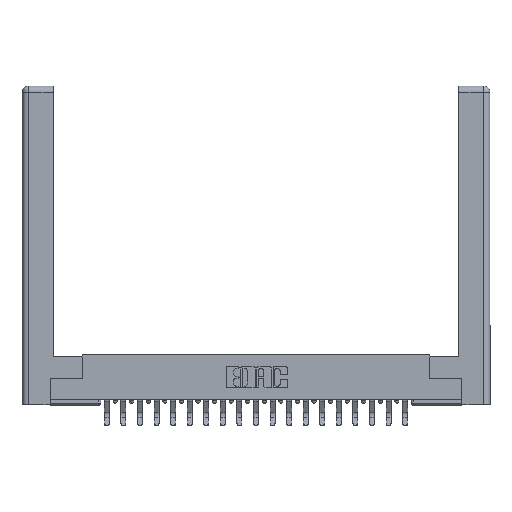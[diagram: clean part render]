
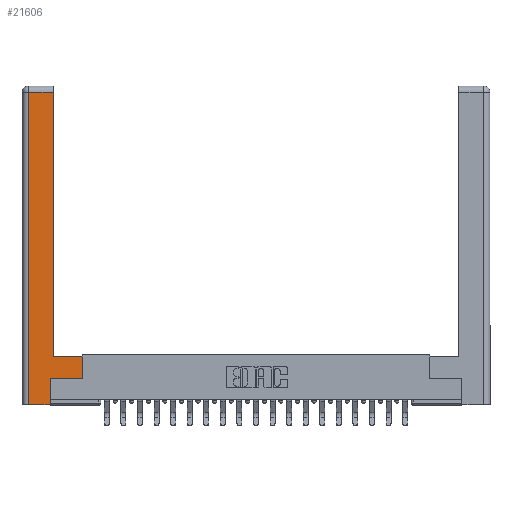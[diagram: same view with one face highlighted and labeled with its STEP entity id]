
A CAD part, top view. The second image highlights one B-rep face of the part: STEP entity #21606.
In plain terms, the highlighted planar face has unit normal (0, 0, 1).
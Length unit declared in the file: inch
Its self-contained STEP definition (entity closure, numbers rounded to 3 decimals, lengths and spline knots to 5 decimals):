
#686 = DIRECTION ( 'NONE',  ( 0., 1., 0. ) ) ;
#813 = VERTEX_POINT ( 'NONE', #6766 ) ;
#998 = DIRECTION ( 'NONE',  ( 0., 0., -1. ) ) ;
#1818 = VECTOR ( 'NONE', #15986, 39.37008 ) ;
#1939 = LINE ( 'NONE', #10829, #17656 ) ;
#2109 = VERTEX_POINT ( 'NONE', #20805 ) ;
#2448 = LINE ( 'NONE', #3255, #4873 ) ;
#2470 = VERTEX_POINT ( 'NONE', #4373 ) ;
#3255 = CARTESIAN_POINT ( 'NONE',  ( 0.565, 0.45, 0. ) ) ;
#3484 = CARTESIAN_POINT ( 'NONE',  ( 0.565, 0.245, 0. ) ) ;
#4133 = VECTOR ( 'NONE', #19907, 39.37008 ) ;
#4373 = CARTESIAN_POINT ( 'NONE',  ( 0.295, 0.45, 0. ) ) ;
#4873 = VECTOR ( 'NONE', #10457, 39.37008 ) ;
#4911 = VERTEX_POINT ( 'NONE', #9357 ) ;
#5838 = EDGE_CURVE ( 'NONE', #14705, #4911, #22312, .T. ) ;
#6123 = VECTOR ( 'NONE', #17992, 39.37008 ) ;
#6239 = LINE ( 'NONE', #21472, #17071 ) ;
#6766 = CARTESIAN_POINT ( 'NONE',  ( 0.265, 0., 0. ) ) ;
#7405 = DIRECTION ( 'NONE',  ( 0., 1., 0. ) ) ;
#7612 = CARTESIAN_POINT ( 'NONE',  ( 0.295, 0.45, 0. ) ) ;
#7753 = CARTESIAN_POINT ( 'NONE',  ( 0.0615, 2.94, 0. ) ) ;
#7818 = ORIENTED_EDGE ( 'NONE', *, *, #11869, .T. ) ;
#7891 = LINE ( 'NONE', #7753, #4133 ) ;
#8587 = LINE ( 'NONE', #7612, #19753 ) ;
#8770 = EDGE_CURVE ( 'NONE', #18537, #2470, #8587, .T. ) ;
#8918 = CARTESIAN_POINT ( 'NONE',  ( 0.265, 0., 0. ) ) ;
#9357 = CARTESIAN_POINT ( 'NONE',  ( 0.565, 0.245, 0. ) ) ;
#9503 = VERTEX_POINT ( 'NONE', #17671 ) ;
#10457 = DIRECTION ( 'NONE',  ( 0., 1., 0. ) ) ;
#10730 = LINE ( 'NONE', #11233, #6123 ) ;
#10829 = CARTESIAN_POINT ( 'NONE',  ( 0.295, 3., 0. ) ) ;
#10905 = EDGE_CURVE ( 'NONE', #2109, #9503, #7891, .T. ) ;
#11014 = AXIS2_PLACEMENT_3D ( 'NONE', #16679, #998, #19974 ) ;
#11029 = ORIENTED_EDGE ( 'NONE', *, *, #18798, .T. ) ;
#11233 = CARTESIAN_POINT ( 'NONE',  ( 0.0615, 0., 0. ) ) ;
#11239 = ORIENTED_EDGE ( 'NONE', *, *, #11407, .T. ) ;
#11407 = EDGE_CURVE ( 'NONE', #813, #14705, #6239, .T. ) ;
#11437 = CARTESIAN_POINT ( 'NONE',  ( 0.265, 0.245, 0. ) ) ;
#11590 = FACE_OUTER_BOUND ( 'NONE', #15237, .T. ) ;
#11596 = CARTESIAN_POINT ( 'NONE',  ( 0.565, 0.45, 0. ) ) ;
#11658 = ORIENTED_EDGE ( 'NONE', *, *, #10905, .T. ) ;
#11869 = EDGE_CURVE ( 'NONE', #4911, #18537, #2448, .T. ) ;
#11957 = DIRECTION ( 'NONE',  ( 1., 0., 0. ) ) ;
#13040 = ORIENTED_EDGE ( 'NONE', *, *, #15196, .T. ) ;
#13294 = ORIENTED_EDGE ( 'NONE', *, *, #21934, .T. ) ;
#14173 = VECTOR ( 'NONE', #11957, 39.37008 ) ;
#14456 = DIRECTION ( 'NONE',  ( -1., 0., 0. ) ) ;
#14705 = VERTEX_POINT ( 'NONE', #11437 ) ;
#14945 = PLANE ( 'NONE',  #11014 ) ;
#15196 = EDGE_CURVE ( 'NONE', #9503, #17655, #10730, .T. ) ;
#15237 = EDGE_LOOP ( 'NONE', ( #11029, #11658, #13040, #13294, #11239, #16579, #7818, #20844 ) ) ;
#15986 = DIRECTION ( 'NONE',  ( 1., 0., 0. ) ) ;
#16579 = ORIENTED_EDGE ( 'NONE', *, *, #5838, .T. ) ;
#16679 = CARTESIAN_POINT ( 'NONE',  ( 0., 0., 0. ) ) ;
#17071 = VECTOR ( 'NONE', #686, 39.37008 ) ;
#17655 = VERTEX_POINT ( 'NONE', #20966 ) ;
#17656 = VECTOR ( 'NONE', #7405, 39.37008 ) ;
#17671 = CARTESIAN_POINT ( 'NONE',  ( 0.0615, 2.94, 0. ) ) ;
#17992 = DIRECTION ( 'NONE',  ( 0., -1., 0. ) ) ;
#18537 = VERTEX_POINT ( 'NONE', #11596 ) ;
#18798 = EDGE_CURVE ( 'NONE', #2470, #2109, #1939, .T. ) ;
#19453 = LINE ( 'NONE', #8918, #1818 ) ;
#19753 = VECTOR ( 'NONE', #14456, 39.37008 ) ;
#19907 = DIRECTION ( 'NONE',  ( -1., 0., 0. ) ) ;
#19974 = DIRECTION ( 'NONE',  ( -1., 0., 0. ) ) ;
#20805 = CARTESIAN_POINT ( 'NONE',  ( 0.295, 2.94, 0. ) ) ;
#20844 = ORIENTED_EDGE ( 'NONE', *, *, #8770, .T. ) ;
#20966 = CARTESIAN_POINT ( 'NONE',  ( 0.0615, 0., 0. ) ) ;
#21472 = CARTESIAN_POINT ( 'NONE',  ( 0.265, 0.245, 0. ) ) ;
#21606 = ADVANCED_FACE ( 'NONE', ( #11590 ), #14945, .F. ) ;
#21934 = EDGE_CURVE ( 'NONE', #17655, #813, #19453, .T. ) ;
#22312 = LINE ( 'NONE', #3484, #14173 ) ;

+---+

EXERCISE DIRECTIONS:
From the line containing "#11957 = DIRECTION" to the last line of the records above, please write out every line exactly and add nothing.

ANSWER BOX:
#11957 = DIRECTION ( 'NONE',  ( 1., 0., 0. ) ) ;
#13040 = ORIENTED_EDGE ( 'NONE', *, *, #15196, .T. ) ;
#13294 = ORIENTED_EDGE ( 'NONE', *, *, #21934, .T. ) ;
#14173 = VECTOR ( 'NONE', #11957, 39.37008 ) ;
#14456 = DIRECTION ( 'NONE',  ( -1., 0., 0. ) ) ;
#14705 = VERTEX_POINT ( 'NONE', #11437 ) ;
#14945 = PLANE ( 'NONE',  #11014 ) ;
#15196 = EDGE_CURVE ( 'NONE', #9503, #17655, #10730, .T. ) ;
#15237 = EDGE_LOOP ( 'NONE', ( #11029, #11658, #13040, #13294, #11239, #16579, #7818, #20844 ) ) ;
#15986 = DIRECTION ( 'NONE',  ( 1., 0., 0. ) ) ;
#16579 = ORIENTED_EDGE ( 'NONE', *, *, #5838, .T. ) ;
#16679 = CARTESIAN_POINT ( 'NONE',  ( 0., 0., 0. ) ) ;
#17071 = VECTOR ( 'NONE', #686, 39.37008 ) ;
#17655 = VERTEX_POINT ( 'NONE', #20966 ) ;
#17656 = VECTOR ( 'NONE', #7405, 39.37008 ) ;
#17671 = CARTESIAN_POINT ( 'NONE',  ( 0.0615, 2.94, 0. ) ) ;
#17992 = DIRECTION ( 'NONE',  ( 0., -1., 0. ) ) ;
#18537 = VERTEX_POINT ( 'NONE', #11596 ) ;
#18798 = EDGE_CURVE ( 'NONE', #2470, #2109, #1939, .T. ) ;
#19453 = LINE ( 'NONE', #8918, #1818 ) ;
#19753 = VECTOR ( 'NONE', #14456, 39.37008 ) ;
#19907 = DIRECTION ( 'NONE',  ( -1., 0., 0. ) ) ;
#19974 = DIRECTION ( 'NONE',  ( -1., 0., 0. ) ) ;
#20805 = CARTESIAN_POINT ( 'NONE',  ( 0.295, 2.94, 0. ) ) ;
#20844 = ORIENTED_EDGE ( 'NONE', *, *, #8770, .T. ) ;
#20966 = CARTESIAN_POINT ( 'NONE',  ( 0.0615, 0., 0. ) ) ;
#21472 = CARTESIAN_POINT ( 'NONE',  ( 0.265, 0.245, 0. ) ) ;
#21606 = ADVANCED_FACE ( 'NONE', ( #11590 ), #14945, .F. ) ;
#21934 = EDGE_CURVE ( 'NONE', #17655, #813, #19453, .T. ) ;
#22312 = LINE ( 'NONE', #3484, #14173 ) ;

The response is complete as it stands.